В начале второй недели пути они увидели далеко на горизонте пригородные хижины. В бинокль у стоявшего на подступах к одноэтажным каменным строениям часового Олег разглядел знаки различия ФАПЛА и понял, что они наконец-то пришли.

* * *

– Как он? – спросил доктор у медсестры, едва зашел в кабинет. Он сел рядом с пациентом и взял его руку.

– Кажется, приходит в себя. Вчера всю ночь бредил, после аминазина как-то успокоился. – Медсестра Оливия все еще слышала в своей голове страстный, как в наркотическом бреду монолог пациента, где португальские слова смешались с русскими:

«Я здоров… я абсолютно здоров… Я знаю, я знаю, через неделю, через неделю, на поезде… Лиза, мне надо идти, я опаздываю на поезд… здесь очень жарко, как жарко, включи вентилятор, у тебя есть вентилятор?.. я должен идти, мне надо на поезд… какое тебе дело?.. я еду в Тенк[29]… алмазы везу, алмазы… у меня не будет места, не надо никаких бутербродов!.. не надо… куда ты одеваешься?…жди в Москве… нет, в Москве опасно…встретишь меня в Тенке через неделю? Лиза? Встретишь? Я приеду из Луэны… да не нужны мне твои бутерброды…».

– Хорошо, вечером тогда повторите аминазин, – вернул он руку Олегу, – ему нужно как следует выспаться.


Олега положили на реабилитацию в военный госпиталь в Луанде. Первый день он проспал, поскольку ему сделали инъекцию, чтобы организм мог успокоиться и войти в норму после пережитого стресса. Очнувшись следующим утром и почувствовав небольшой прилив сил, Олег попросил себе бумагу и шариковую ручку и просто стал описывать все, что его окружало и все, что с ним происходило, – просто чтобы быть уверенным, что он не сходит с ума. Это стало первыми строчками его будущего дневника:


Белые стены, белый потолок, белые халаты, черная медсестра. Ее зовут Оливия, почти как чудное дерево, которое посадили рядом с моей койкой. Оливия была настоящим оливковым деревом, в тени которого я прятался от белых стен, пытался встать на землю, обрести чувствительность к тому, к чему прикасался: то как крестьянин, который только ждал урожая, не понимая всей ее истинной красоты, то как спутник, уставший от путешествия, то как мебельщик, желающий сколотить из нее стол, то как ремесленник, желающий выточить из нее оберег и носить его на своей шее.

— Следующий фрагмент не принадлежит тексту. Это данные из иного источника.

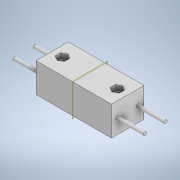
# Autodesk Inventor part: Talon SRX
Saved by Autodesk Inventor 2021 (Build 250183000, 183)
## iProperties
Created: 2021-01-30
Part Number: Talon SRX
Material: Generic
Document SubType Name: Modeling
Designer: aidan
Density: 1 g/cm^3
Appearance: Default
Author: aidan
Autodesk Inventor part; units mm, degrees
ref_plane "YZ Plane" through (0, 0, 0) normal (1, 0, 0) x (0, 1, 0)
ref_plane "XZ Plane" through (0, 0, 0) normal (0, 1, 0) x (-1, 0, 0)
ref_plane "XY Plane" through (0, 0, 0) normal (0, 0, 1) x (1, 0, 0)
sketch "Sketch1" plane through (0, 0, 0) normal (0, 0, 1) x (1, 0, 0)
  line L0 (0, 0) -> (69.85, 0)
  line L1 (69.85, 0) -> (69.85, 27.2034)
  line L2 (69.85, 27.2034) -> (0, 27.2034)
  line L3 (0, 27.2034) -> (0, 0)
  dimension "d0" = 27.2034
  dimension "d1" = 69.85
  constraints: 8 end point, 2 parallel, 1 horizontal, 1 perpendicular
  measures "d0" distance of L0.end L1.end
  measures "d1" distance of L1.end L2.end
extrude "Extrusion1" add sketch "Sketch1" along normal blind 29.9974
sketch "Sketch2" plane through (0, 27.2034, 0) normal (0, 1, 0) x (1, 0, 0)
  line L0 (0, 0) -> (0, -29.9974) projected
  line L1 (0, -15.0114) -> (70.03, -15.0114) construction
  line L2 (69.85, 0) -> (0, 0) projected
  line L3 (9.525, -9.9704) -> (13.8906, -12.4909)
  line L4 (13.8906, -12.4909) -> (13.8906, -17.5319)
  line L5 (13.8906, -17.5319) -> (9.525, -20.0524)
  line L6 (9.525, -20.0524) -> (5.1594, -17.5319)
  line L7 (5.1594, -17.5319) -> (5.1594, -12.4909)
  line L8 (5.1594, -12.4909) -> (9.525, -9.9704)
  line L9 (60.325, -9.9704) -> (64.6906, -12.4909)
  line L10 (64.6906, -12.4909) -> (64.6906, -17.5319)
  line L11 (64.6906, -17.5319) -> (60.325, -20.0524)
  line L12 (60.325, -20.0524) -> (55.9594, -17.5319)
  line L13 (55.9594, -17.5319) -> (55.9594, -12.4909)
  line L14 (55.9594, -12.4909) -> (60.325, -9.9704)
  point P0 (9.525, -15.0114)
  point P1 (60.325, -15.0114)
  dimension "d4" = 15.0114
  dimension "d5" = 50.8
  dimension "d6" = 9.525
  dimension "d7" = 8.7312
  constraints: 26 end point, 3 point on line, 2 vertical, 1 horizontal, 1 parallel, 26 other
  measures "d4" distance between parallel lines of L2 L1
  measures "d5" distance of point (60.325, -15.011) point (9.525, -15.011)
  measures "d6" distance from line of L0 point (9.525, -15.011)
  measures "d7" distance between parallel lines of L7 L4
extrude "Extrusion2" cut sketch "Sketch2" against normal blind 4.5466
sketch "Sketch3" plane through (0, 22.6568, 0) normal (0, 1, 0) x (1, 0, 0)
  line L0 (5.1594, -17.5319) -> (5.1594, -12.4909) projected
  line L1 (9.525, -20.0524) -> (5.1594, -17.5319) projected
  line L2 (13.8906, -17.5319) -> (9.525, -20.0524) projected
  line L3 (13.8906, -12.4909) -> (13.8906, -17.5319) projected
  line L4 (9.525, -9.9704) -> (13.8906, -12.4909) projected
  line L5 (5.1594, -12.4909) -> (9.525, -9.9704) projected
  line L6 (55.9594, -17.5319) -> (55.9594, -12.4909) projected
  line L7 (60.325, -20.0524) -> (55.9594, -17.5319) projected
  line L8 (64.6906, -17.5319) -> (60.325, -20.0524) projected
  line L9 (64.6906, -12.4909) -> (64.6906, -17.5319) projected
  line L10 (60.325, -9.9704) -> (64.6906, -12.4909) projected
  line L11 (55.9594, -12.4909) -> (60.325, -9.9704) projected
  circle A0 centre (9.525, -15.0114) radius 2.2479
  circle A1 centre (60.325, -15.0114) radius 2.2479
  line L12 (5.1594, -15.0114) -> (64.6906, -15.0114) construction
  line L13 (64.6906, -12.4909) -> (64.6906, -17.5319) projected
  line L14 (60.325, -20.0524) -> (60.325, -9.9704) construction
  point P0 (0, 0)
  dimension "d10" = 4.4958
  dimension "d11" = 50.8
  constraints: 4 end point, 3 midpoint, 2 centre point, 2 point on line, 1 equal radius, 1 vertical
  measures "d10" diameter of A0
  measures "d11" distance of A1.centre A0.centre
extrude "Extrusion3" cut sketch "Sketch3" against normal through all contours A0 | A1
sketch "Sketch4" plane through (69.85, 0, 0) normal (1, 0, 0) x (0, 0, -1)
  circle A0 centre (-24.5237, 13.6017) radius 1.5875
  circle A1 centre (-5.4737, 13.6017) radius 1.5875
  line L0 (-29.9974, 27.2034) -> (-29.9974, 0) projected
  line L1 (-29.9974, 13.6017) -> (0, 13.6017) construction
  line L2 (0, 0) -> (0, 27.2034) projected
  line L3 (0, 0) -> (-29.9974, 0) projected
  line L4 (0, 27.2034) -> (-29.9974, 27.2034) projected
  dimension "d14" = 19.05
  dimension "d15" = 27.2034
  dimension "d16" = 13.6017
  dimension "d17" = 3.175
  dimension "d18" = 29.9974
  dimension "d19" = 5.4737
  constraints: 2 centre point, 2 end point, 2 midpoint, 2 point on line, 1 equal radius, 1 horizontal
  measures "d14" distance of A1.centre A0.centre
  measures "d15" distance between parallel lines of L3 L4
  measures "d16" distance between parallel lines of L3 L1
  measures "d17" diameter of A0
  measures "d18" distance of L2.end L0.start
  measures "d19" distance from line of L0 A0.centre
extrude "Extrusion4" add sketch "Sketch4" along normal blind 25.4 contours A0 | A1
ref_plane "Work Plane1" through (34.925, 0, 0) normal (-1, 0, 0) x (0, 0, 1)
mirror "Mirror1" about plane through (34.925, 0, 0) normal (-1, 0, 0) of "Extrusion4"
body "Solid1"

Мы говорили с ней на португальском, хотя говорил больше я, она только улыбалась, покачивая кроной своих черных волос, спрятанных под белым колпаком. Я рассказывал ей о своей жизни, о своей Родине и что я не люблю оливки, точнее сказать, пробовал их однажды, и они мне не понравились.

– Это были плохие оливки, – смеялась белым-белым снегом эмали Оливия.

– Наверняка, – отвечал я ей. – А ты хорошая?